Повисла еще одна пауза.
— Думаю, ты слишком остро реагируешь. Да, Энди был… расстроен — но он никогда мне не навредит.
Эван молча, сосчитала до пяти, прежде чем снова позволить себе заговорить.
— Милая, думаю, ты недооцениваешь «фактор Маркуса».
— Нет. У меня нет иллюзий, на что может быть способен этот человек.
И снова возникла мертвая тишина.
— Тогда я спрошу еще раз: почему ты так долго тянула, чтобы сообщить мне об этом?
— Я рассказываю тебе сейчас.
— Двадцать четыре часа спустя?
— Эван…
— Я серьезно, Джулия. Один день может быть целой жизнью, когда ты имеешь дело с таким мешком дерьма, как Маркус.
— Я даже не знаю, как реагировать на подобный комментарий.
— Ну, я тоже не знаю — и вот почему нам надо использовать каждую секунду.
Джулия выдохнула.
— Хорошо. И что ты думаешь, нам нужно делать?
Эван немного расслабилась. По крайней мере, она сказала — мы. Это должно было быть хорошим знаком.
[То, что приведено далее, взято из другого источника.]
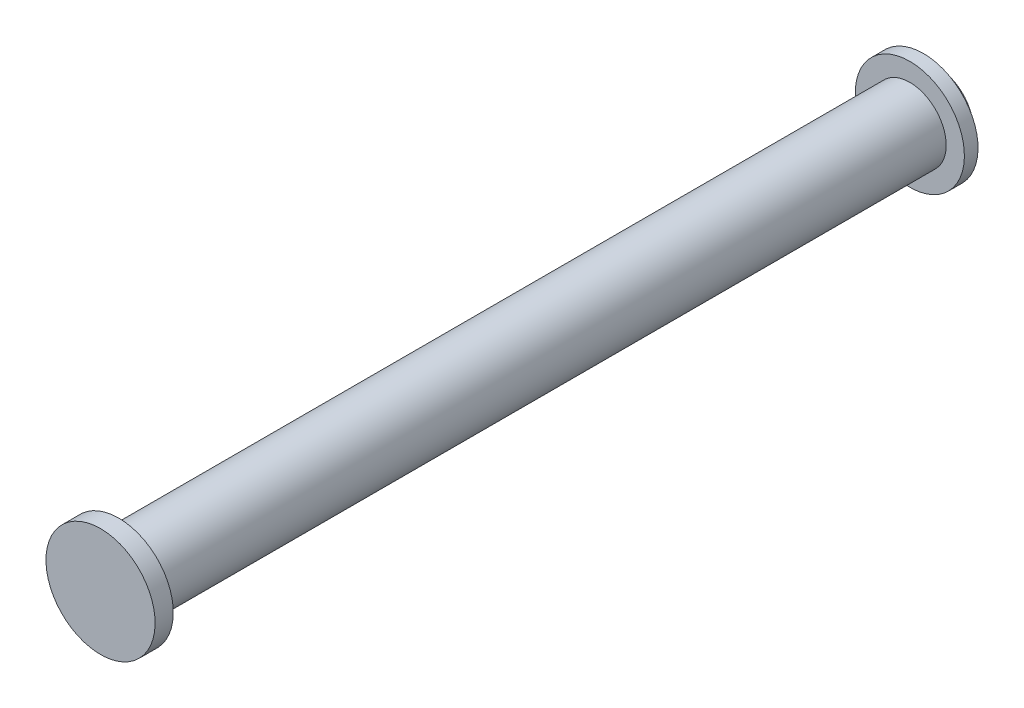
ISO-10303-21;
HEADER;
FILE_DESCRIPTION(('STEP AP214'),'2;1');
FILE_NAME('part.step','',(''),(''),'','','');
FILE_SCHEMA(('AUTOMOTIVE_DESIGN { 1 0 10303 214 1 1 1 1 }'));
ENDSEC;
DATA;
#1=APPLICATION_CONTEXT('core data for automotive mechanical design processes');
#2=APPLICATION_PROTOCOL_DEFINITION('international standard','automotive_design',2000,#1);
#3=PRODUCT_CONTEXT('',#1,'mechanical');
#4=PRODUCT('Part','Part','',(#3));
#5=PRODUCT_RELATED_PRODUCT_CATEGORY('part','',(#4));
#6=PRODUCT_DEFINITION_FORMATION('','',#4);
#7=PRODUCT_DEFINITION_CONTEXT('part definition',#1,'design');
#8=PRODUCT_DEFINITION('design','',#6,#7);
#9=PRODUCT_DEFINITION_SHAPE('','',#8);
#10=(LENGTH_UNIT() NAMED_UNIT(*) SI_UNIT(.MILLI.,.METRE.));
#11=(NAMED_UNIT(*) PLANE_ANGLE_UNIT() SI_UNIT($,.RADIAN.));
#12=(NAMED_UNIT(*) SI_UNIT($,.STERADIAN.) SOLID_ANGLE_UNIT());
#13=UNCERTAINTY_MEASURE_WITH_UNIT(LENGTH_MEASURE(1.E-05),#10,'distance_accuracy_value','');
#14=(GEOMETRIC_REPRESENTATION_CONTEXT(3) GLOBAL_UNCERTAINTY_ASSIGNED_CONTEXT((#13)) GLOBAL_UNIT_ASSIGNED_CONTEXT((#10,
#11,#12)) REPRESENTATION_CONTEXT('',''));
#15=CARTESIAN_POINT('',(0.,0.,0.));
#16=DIRECTION('',(0.,0.,1.));
#17=DIRECTION('',(1.,0.,0.));
#18=AXIS2_PLACEMENT_3D('',#15,#16,#17);
#19=CARTESIAN_POINT('',(0.,0.,0.));
#20=DIRECTION('',(0.,0.,1.));
#21=DIRECTION('',(0.,-1.,0.));
#22=AXIS2_PLACEMENT_3D('',#19,#20,#21);
#23=PLANE('',#22);
#24=CARTESIAN_POINT('',(0.,0.,0.));
#25=DIRECTION('',(0.,0.,-1.));
#26=DIRECTION('',(0.,1.,0.));
#27=AXIS2_PLACEMENT_3D('',#24,#25,#26);
#28=CIRCLE('',#27,5.99999999999999);
#29=CARTESIAN_POINT('',(0.,5.99999999999999,0.));
#30=VERTEX_POINT('',#29);
#31=EDGE_CURVE('E12',#30,#30,#28,.T.);
#32=ORIENTED_EDGE('',*,*,#31,.F.);
#33=EDGE_LOOP('',(#32));
#34=FACE_BOUND('',#33,.T.);
#35=ADVANCED_FACE('F44',(#34),#23,.T.);
#36=CARTESIAN_POINT('',(0.,0.,-92.));
#37=DIRECTION('',(0.,0.,-1.));
#38=DIRECTION('',(0.,1.,0.));
#39=AXIS2_PLACEMENT_3D('',#36,#37,#38);
#40=CYLINDRICAL_SURFACE('',#39,5.99999999999999);
#41=ORIENTED_EDGE('',*,*,#31,.T.);
#42=EDGE_LOOP('',(#41));
#43=FACE_BOUND('',#42,.T.);
#44=CARTESIAN_POINT('',(0.,0.,-2.));
#45=DIRECTION('',(0.,0.,-1.));
#46=DIRECTION('',(0.,1.,0.));
#47=AXIS2_PLACEMENT_3D('',#44,#45,#46);
#48=CIRCLE('',#47,5.99999999999999);
#49=CARTESIAN_POINT('',(0.,5.99999999999999,-2.));
#50=VERTEX_POINT('',#49);
#51=EDGE_CURVE('E50',#50,#50,#48,.T.);
#52=ORIENTED_EDGE('',*,*,#51,.F.);
#53=EDGE_LOOP('',(#52));
#54=FACE_BOUND('',#53,.T.);
#55=ADVANCED_FACE('F92',(#43,#54),#40,.T.);
#56=CARTESIAN_POINT('',(0.,5.99999999999999,-2.));
#57=DIRECTION('',(0.,0.,-1.));
#58=DIRECTION('',(0.,1.,0.));
#59=AXIS2_PLACEMENT_3D('',#56,#57,#58);
#60=PLANE('',#59);
#61=ORIENTED_EDGE('',*,*,#51,.T.);
#62=EDGE_LOOP('',(#61));
#63=FACE_BOUND('',#62,.T.);
#64=CARTESIAN_POINT('',(0.,0.,-2.));
#65=DIRECTION('',(0.,0.,-1.));
#66=DIRECTION('',(0.,1.,0.));
#67=AXIS2_PLACEMENT_3D('',#64,#65,#66);
#68=CIRCLE('',#67,3.99999999999999);
#69=CARTESIAN_POINT('',(0.,3.99999999999999,-2.));
#70=VERTEX_POINT('',#69);
#71=EDGE_CURVE('E54',#70,#70,#68,.T.);
#72=ORIENTED_EDGE('',*,*,#71,.F.);
#73=EDGE_LOOP('',(#72));
#74=FACE_BOUND('',#73,.T.);
#75=ADVANCED_FACE('F97',(#63,#74),#60,.T.);
#76=CARTESIAN_POINT('',(0.,0.,-92.));
#77=DIRECTION('',(0.,0.,-1.));
#78=DIRECTION('',(0.,1.,0.));
#79=AXIS2_PLACEMENT_3D('',#76,#77,#78);
#80=CYLINDRICAL_SURFACE('',#79,3.99999999999998);
#81=ORIENTED_EDGE('',*,*,#71,.T.);
#82=EDGE_LOOP('',(#81));
#83=FACE_BOUND('',#82,.T.);
#84=CARTESIAN_POINT('',(0.,0.,-89.));
#85=DIRECTION('',(0.,0.,-1.));
#86=DIRECTION('',(0.,1.,0.));
#87=AXIS2_PLACEMENT_3D('',#84,#85,#86);
#88=CIRCLE('',#87,3.99999999999998);
#89=CARTESIAN_POINT('',(0.,3.99999999999999,-89.));
#90=VERTEX_POINT('',#89);
#91=EDGE_CURVE('E58',#90,#90,#88,.T.);
#92=ORIENTED_EDGE('',*,*,#91,.F.);
#93=EDGE_LOOP('',(#92));
#94=FACE_BOUND('',#93,.T.);
#95=ADVANCED_FACE('F101',(#83,#94),#80,.T.);
#96=CARTESIAN_POINT('',(0.,3.99999999999999,-89.));
#97=DIRECTION('',(0.,0.,1.));
#98=DIRECTION('',(0.,-1.,0.));
#99=AXIS2_PLACEMENT_3D('',#96,#97,#98);
#100=PLANE('',#99);
#101=ORIENTED_EDGE('',*,*,#91,.T.);
#102=EDGE_LOOP('',(#101));
#103=FACE_BOUND('',#102,.T.);
#104=CARTESIAN_POINT('',(0.,0.,-89.));
#105=DIRECTION('',(0.,0.,-1.));
#106=DIRECTION('',(0.,1.,0.));
#107=AXIS2_PLACEMENT_3D('',#104,#105,#106);
#108=CIRCLE('',#107,5.99999999999998);
#109=CARTESIAN_POINT('',(0.,5.99999999999999,-89.));
#110=VERTEX_POINT('',#109);
#111=EDGE_CURVE('E63',#110,#110,#108,.T.);
#112=ORIENTED_EDGE('',*,*,#111,.F.);
#113=EDGE_LOOP('',(#112));
#114=FACE_BOUND('',#113,.T.);
#115=ADVANCED_FACE('F107',(#103,#114),#100,.T.);
#116=CARTESIAN_POINT('',(0.,0.,-92.));
#117=DIRECTION('',(0.,0.,-1.));
#118=DIRECTION('',(0.,1.,0.));
#119=AXIS2_PLACEMENT_3D('',#116,#117,#118);
#120=CYLINDRICAL_SURFACE('',#119,5.99999999999998);
#121=ORIENTED_EDGE('',*,*,#111,.T.);
#122=EDGE_LOOP('',(#121));
#123=FACE_BOUND('',#122,.T.);
#124=CARTESIAN_POINT('',(0.,0.,-90.5));
#125=DIRECTION('',(0.,0.,-1.));
#126=DIRECTION('',(0.,1.,0.));
#127=AXIS2_PLACEMENT_3D('',#124,#125,#126);
#128=CIRCLE('',#127,5.99999999999998);
#129=CARTESIAN_POINT('',(0.,5.99999999999999,-90.5));
#130=VERTEX_POINT('',#129);
#131=EDGE_CURVE('E66',#130,#130,#128,.T.);
#132=ORIENTED_EDGE('',*,*,#131,.F.);
#133=EDGE_LOOP('',(#132));
#134=FACE_BOUND('',#133,.T.);
#135=ADVANCED_FACE('F88',(#123,#134),#120,.T.);
#136=CARTESIAN_POINT('',(0.,5.99999999999999,-90.5));
#137=DIRECTION('',(0.,0.,-1.));
#138=DIRECTION('',(0.,1.,0.));
#139=AXIS2_PLACEMENT_3D('',#136,#137,#138);
#140=PLANE('',#139);
#141=ORIENTED_EDGE('',*,*,#131,.T.);
#142=EDGE_LOOP('',(#141));
#143=FACE_BOUND('',#142,.T.);
#144=CARTESIAN_POINT('',(0.,0.,-90.5));
#145=DIRECTION('',(0.,0.,-1.));
#146=DIRECTION('',(0.,1.,0.));
#147=AXIS2_PLACEMENT_3D('',#144,#145,#146);
#148=CIRCLE('',#147,3.99999999999998);
#149=CARTESIAN_POINT('',(0.,3.99999999999999,-90.5));
#150=VERTEX_POINT('',#149);
#151=EDGE_CURVE('E69',#150,#150,#148,.T.);
#152=ORIENTED_EDGE('',*,*,#151,.F.);
#153=EDGE_LOOP('',(#152));
#154=FACE_BOUND('',#153,.T.);
#155=ADVANCED_FACE('F80',(#143,#154),#140,.T.);
#156=CARTESIAN_POINT('',(0.,0.,-92.));
#157=DIRECTION('',(0.,0.,-1.));
#158=DIRECTION('',(0.,1.,0.));
#159=AXIS2_PLACEMENT_3D('',#156,#157,#158);
#160=CYLINDRICAL_SURFACE('',#159,3.99999999999998);
#161=ORIENTED_EDGE('',*,*,#151,.T.);
#162=EDGE_LOOP('',(#161));
#163=FACE_BOUND('',#162,.T.);
#164=CARTESIAN_POINT('',(0.,0.,-92.));
#165=DIRECTION('',(0.,0.,-1.));
#166=DIRECTION('',(0.,1.,0.));
#167=AXIS2_PLACEMENT_3D('',#164,#165,#166);
#168=CIRCLE('',#167,3.99999999999998);
#169=CARTESIAN_POINT('',(0.,3.99999999999999,-92.));
#170=VERTEX_POINT('',#169);
#171=EDGE_CURVE('E72',#170,#170,#168,.T.);
#172=ORIENTED_EDGE('',*,*,#171,.F.);
#173=EDGE_LOOP('',(#172));
#174=FACE_BOUND('',#173,.T.);
#175=ADVANCED_FACE('F78',(#163,#174),#160,.T.);
#176=CARTESIAN_POINT('',(0.,3.99999999999999,-92.));
#177=DIRECTION('',(0.,0.,-1.));
#178=DIRECTION('',(0.,1.,0.));
#179=AXIS2_PLACEMENT_3D('',#176,#177,#178);
#180=PLANE('',#179);
#181=ORIENTED_EDGE('',*,*,#171,.T.);
#182=EDGE_LOOP('',(#181));
#183=FACE_BOUND('',#182,.T.);
#184=ADVANCED_FACE('F76',(#183),#180,.T.);
#185=CLOSED_SHELL('',(#35,#55,#75,#95,#115,#135,#155,#175,#184));
#186=MANIFOLD_SOLID_BREP('B2',#185);
#187=ADVANCED_BREP_SHAPE_REPRESENTATION('',(#18,#186),#14);
#188=SHAPE_DEFINITION_REPRESENTATION(#9,#187);
ENDSEC;
END-ISO-10303-21;
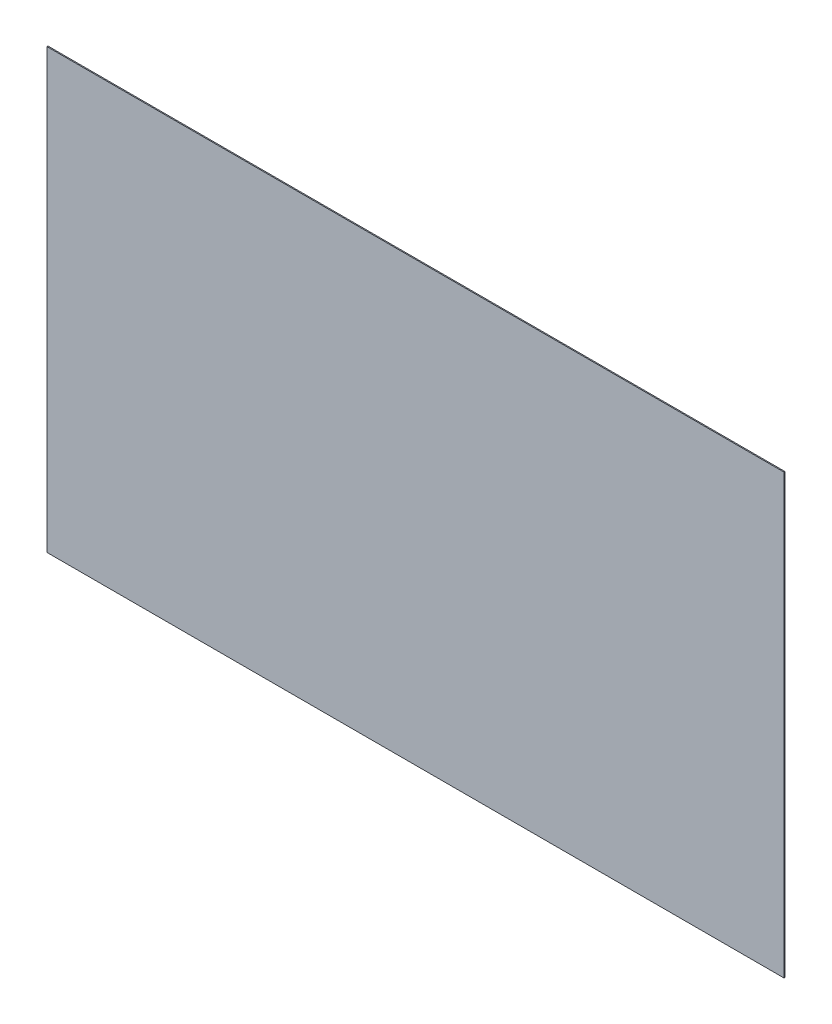
ISO-10303-21;
HEADER;
FILE_DESCRIPTION(('STEP AP214'),'2;1');
FILE_NAME('part.step','',(''),(''),'','','');
FILE_SCHEMA(('AUTOMOTIVE_DESIGN { 1 0 10303 214 1 1 1 1 }'));
ENDSEC;
DATA;
#1=APPLICATION_CONTEXT('core data for automotive mechanical design processes');
#2=APPLICATION_PROTOCOL_DEFINITION('international standard','automotive_design',2000,#1);
#3=PRODUCT_CONTEXT('',#1,'mechanical');
#4=PRODUCT('Part','Part','',(#3));
#5=PRODUCT_RELATED_PRODUCT_CATEGORY('part','',(#4));
#6=PRODUCT_DEFINITION_FORMATION('','',#4);
#7=PRODUCT_DEFINITION_CONTEXT('part definition',#1,'design');
#8=PRODUCT_DEFINITION('design','',#6,#7);
#9=PRODUCT_DEFINITION_SHAPE('','',#8);
#10=(LENGTH_UNIT() NAMED_UNIT(*) SI_UNIT(.MILLI.,.METRE.));
#11=(NAMED_UNIT(*) PLANE_ANGLE_UNIT() SI_UNIT($,.RADIAN.));
#12=(NAMED_UNIT(*) SI_UNIT($,.STERADIAN.) SOLID_ANGLE_UNIT());
#13=UNCERTAINTY_MEASURE_WITH_UNIT(LENGTH_MEASURE(1.E-05),#10,'distance_accuracy_value','');
#14=(GEOMETRIC_REPRESENTATION_CONTEXT(3) GLOBAL_UNCERTAINTY_ASSIGNED_CONTEXT((#13)) GLOBAL_UNIT_ASSIGNED_CONTEXT((#10,
#11,#12)) REPRESENTATION_CONTEXT('',''));
#15=CARTESIAN_POINT('',(0.,0.,0.));
#16=DIRECTION('',(0.,0.,1.));
#17=DIRECTION('',(1.,0.,0.));
#18=AXIS2_PLACEMENT_3D('',#15,#16,#17);
#19=CARTESIAN_POINT('',(-32.5000000000001,-31.2,0.1));
#20=DIRECTION('',(1.,0.,0.));
#21=DIRECTION('',(0.,0.,-1.));
#22=AXIS2_PLACEMENT_3D('',#19,#20,#21);
#23=PLANE('',#22);
#24=DIRECTION('',(0.,-1.,0.));
#25=VECTOR('',#24,1.);
#26=CARTESIAN_POINT('',(-32.5000000000001,-31.2,0.));
#27=LINE('',#26,#25);
#28=CARTESIAN_POINT('',(-32.5000000000001,11.3,0.));
#29=VERTEX_POINT('',#28);
#30=CARTESIAN_POINT('',(-32.5000000000001,-31.2,0.));
#31=VERTEX_POINT('',#30);
#32=EDGE_CURVE('E104',#29,#31,#27,.T.);
#33=ORIENTED_EDGE('',*,*,#32,.T.);
#34=DIRECTION('',(0.,0.,-1.));
#35=VECTOR('',#34,1.);
#36=CARTESIAN_POINT('',(-32.5000000000001,-31.2,0.1));
#37=LINE('',#36,#35);
#38=CARTESIAN_POINT('',(-32.5000000000001,-31.2,0.1));
#39=VERTEX_POINT('',#38);
#40=EDGE_CURVE('E11',#39,#31,#37,.T.);
#41=ORIENTED_EDGE('',*,*,#40,.F.);
#42=DIRECTION('',(0.,-1.,0.));
#43=VECTOR('',#42,1.);
#44=CARTESIAN_POINT('',(-32.5000000000001,-31.2,0.1));
#45=LINE('',#44,#43);
#46=CARTESIAN_POINT('',(-32.5000000000001,11.3,0.1));
#47=VERTEX_POINT('',#46);
#48=EDGE_CURVE('E92',#47,#39,#45,.T.);
#49=ORIENTED_EDGE('',*,*,#48,.F.);
#50=DIRECTION('',(0.,0.,-1.));
#51=VECTOR('',#50,1.);
#52=CARTESIAN_POINT('',(-32.5000000000001,11.3,0.1));
#53=LINE('',#52,#51);
#54=EDGE_CURVE('E100',#47,#29,#53,.T.);
#55=ORIENTED_EDGE('',*,*,#54,.T.);
#56=EDGE_LOOP('',(#33,#41,#49,#55));
#57=FACE_BOUND('',#56,.T.);
#58=ADVANCED_FACE('F41',(#57),#23,.F.);
#59=CARTESIAN_POINT('',(-32.5000000000001,-31.2,0.1));
#60=DIRECTION('',(0.,1.,0.));
#61=DIRECTION('',(0.,0.,1.));
#62=AXIS2_PLACEMENT_3D('',#59,#60,#61);
#63=PLANE('',#62);
#64=DIRECTION('',(1.,0.,0.));
#65=VECTOR('',#64,1.);
#66=CARTESIAN_POINT('',(-32.5000000000001,-31.2,0.));
#67=LINE('',#66,#65);
#68=CARTESIAN_POINT('',(38.9999999999999,-31.2,0.));
#69=VERTEX_POINT('',#68);
#70=EDGE_CURVE('E96',#31,#69,#67,.T.);
#71=ORIENTED_EDGE('',*,*,#70,.T.);
#72=DIRECTION('',(0.,0.,-1.));
#73=VECTOR('',#72,1.);
#74=CARTESIAN_POINT('',(38.9999999999999,-31.2,0.1));
#75=LINE('',#74,#73);
#76=CARTESIAN_POINT('',(38.9999999999999,-31.2,0.1));
#77=VERTEX_POINT('',#76);
#78=EDGE_CURVE('E49',#77,#69,#75,.T.);
#79=ORIENTED_EDGE('',*,*,#78,.F.);
#80=DIRECTION('',(1.,0.,0.));
#81=VECTOR('',#80,1.);
#82=CARTESIAN_POINT('',(-32.5000000000001,-31.2,0.1));
#83=LINE('',#82,#81);
#84=EDGE_CURVE('E87',#39,#77,#83,.T.);
#85=ORIENTED_EDGE('',*,*,#84,.F.);
#86=ORIENTED_EDGE('',*,*,#40,.T.);
#87=EDGE_LOOP('',(#71,#79,#85,#86));
#88=FACE_BOUND('',#87,.T.);
#89=ADVANCED_FACE('F95',(#88),#63,.F.);
#90=CARTESIAN_POINT('',(38.9999999999999,-31.2,0.1));
#91=DIRECTION('',(-1.,0.,0.));
#92=DIRECTION('',(0.,0.,1.));
#93=AXIS2_PLACEMENT_3D('',#90,#91,#92);
#94=PLANE('',#93);
#95=DIRECTION('',(0.,1.,0.));
#96=VECTOR('',#95,1.);
#97=CARTESIAN_POINT('',(38.9999999999999,-31.2,0.));
#98=LINE('',#97,#96);
#99=CARTESIAN_POINT('',(38.9999999999999,11.3,0.));
#100=VERTEX_POINT('',#99);
#101=EDGE_CURVE('E74',#69,#100,#98,.T.);
#102=ORIENTED_EDGE('',*,*,#101,.T.);
#103=DIRECTION('',(0.,0.,-1.));
#104=VECTOR('',#103,1.);
#105=CARTESIAN_POINT('',(38.9999999999999,11.3,0.1));
#106=LINE('',#105,#104);
#107=CARTESIAN_POINT('',(38.9999999999999,11.3,0.1));
#108=VERTEX_POINT('',#107);
#109=EDGE_CURVE('E97',#108,#100,#106,.T.);
#110=ORIENTED_EDGE('',*,*,#109,.F.);
#111=DIRECTION('',(0.,1.,0.));
#112=VECTOR('',#111,1.);
#113=CARTESIAN_POINT('',(38.9999999999999,-31.2,0.1));
#114=LINE('',#113,#112);
#115=EDGE_CURVE('E90',#77,#108,#114,.T.);
#116=ORIENTED_EDGE('',*,*,#115,.F.);
#117=ORIENTED_EDGE('',*,*,#78,.T.);
#118=EDGE_LOOP('',(#102,#110,#116,#117));
#119=FACE_BOUND('',#118,.T.);
#120=ADVANCED_FACE('F98',(#119),#94,.F.);
#121=CARTESIAN_POINT('',(-32.5000000000001,11.3,0.1));
#122=DIRECTION('',(0.,-1.,0.));
#123=DIRECTION('',(0.,0.,-1.));
#124=AXIS2_PLACEMENT_3D('',#121,#122,#123);
#125=PLANE('',#124);
#126=DIRECTION('',(-1.,0.,0.));
#127=VECTOR('',#126,1.);
#128=CARTESIAN_POINT('',(-32.5000000000001,11.3,0.));
#129=LINE('',#128,#127);
#130=EDGE_CURVE('E80',#100,#29,#129,.T.);
#131=ORIENTED_EDGE('',*,*,#130,.T.);
#132=ORIENTED_EDGE('',*,*,#54,.F.);
#133=DIRECTION('',(-1.,0.,0.));
#134=VECTOR('',#133,1.);
#135=CARTESIAN_POINT('',(-32.5000000000001,11.3,0.1));
#136=LINE('',#135,#134);
#137=EDGE_CURVE('E57',#108,#47,#136,.T.);
#138=ORIENTED_EDGE('',*,*,#137,.F.);
#139=ORIENTED_EDGE('',*,*,#109,.T.);
#140=EDGE_LOOP('',(#131,#132,#138,#139));
#141=FACE_BOUND('',#140,.T.);
#142=ADVANCED_FACE('F111',(#141),#125,.F.);
#143=CARTESIAN_POINT('',(-32.5000000000001,11.3,0.1));
#144=DIRECTION('',(0.,0.,-1.));
#145=DIRECTION('',(-1.,0.,0.));
#146=AXIS2_PLACEMENT_3D('',#143,#144,#145);
#147=PLANE('',#146);
#148=ORIENTED_EDGE('',*,*,#48,.T.);
#149=ORIENTED_EDGE('',*,*,#84,.T.);
#150=ORIENTED_EDGE('',*,*,#115,.T.);
#151=ORIENTED_EDGE('',*,*,#137,.T.);
#152=EDGE_LOOP('',(#148,#149,#150,#151));
#153=FACE_BOUND('',#152,.T.);
#154=ADVANCED_FACE('F88',(#153),#147,.F.);
#155=CARTESIAN_POINT('',(-32.5000000000001,11.3,0.));
#156=DIRECTION('',(0.,0.,-1.));
#157=DIRECTION('',(-1.,0.,0.));
#158=AXIS2_PLACEMENT_3D('',#155,#156,#157);
#159=PLANE('',#158);
#160=ORIENTED_EDGE('',*,*,#32,.F.);
#161=ORIENTED_EDGE('',*,*,#130,.F.);
#162=ORIENTED_EDGE('',*,*,#101,.F.);
#163=ORIENTED_EDGE('',*,*,#70,.F.);
#164=EDGE_LOOP('',(#160,#161,#162,#163));
#165=FACE_BOUND('',#164,.T.);
#166=ADVANCED_FACE('F114',(#165),#159,.T.);
#167=CLOSED_SHELL('',(#58,#89,#120,#142,#154,#166));
#168=MANIFOLD_SOLID_BREP('B2',#167);
#169=ADVANCED_BREP_SHAPE_REPRESENTATION('',(#18,#168),#14);
#170=SHAPE_DEFINITION_REPRESENTATION(#9,#169);
ENDSEC;
END-ISO-10303-21;

— Дай мне тут кое-что подготовить — и я тебе перезвоню. Она подумала еще. — Где ты проведешь остаток дня?
— Собираюсь поехать в офис на несколько часов — если ты вспомнишь, я не слишком много поработала в пятницу.
Эван почувствовала, как ее лицо запылало. Она была рада, что Джулия не могла ее видеть.
— Правильно. Хорошая идея. Поезжай в офис и оставайся там, пока не услышишь от меня новостей.
— Хорошо.
— Джулия?
— Да?
— Я серьезно. Оставайся там, пока я не проявлюсь.
Она вздохнула.
— Хорошо — но, пожалуйста, ты успокоишься? Твой тон меня пугает больше, чем любое предположение о том, что может сделать Маркус.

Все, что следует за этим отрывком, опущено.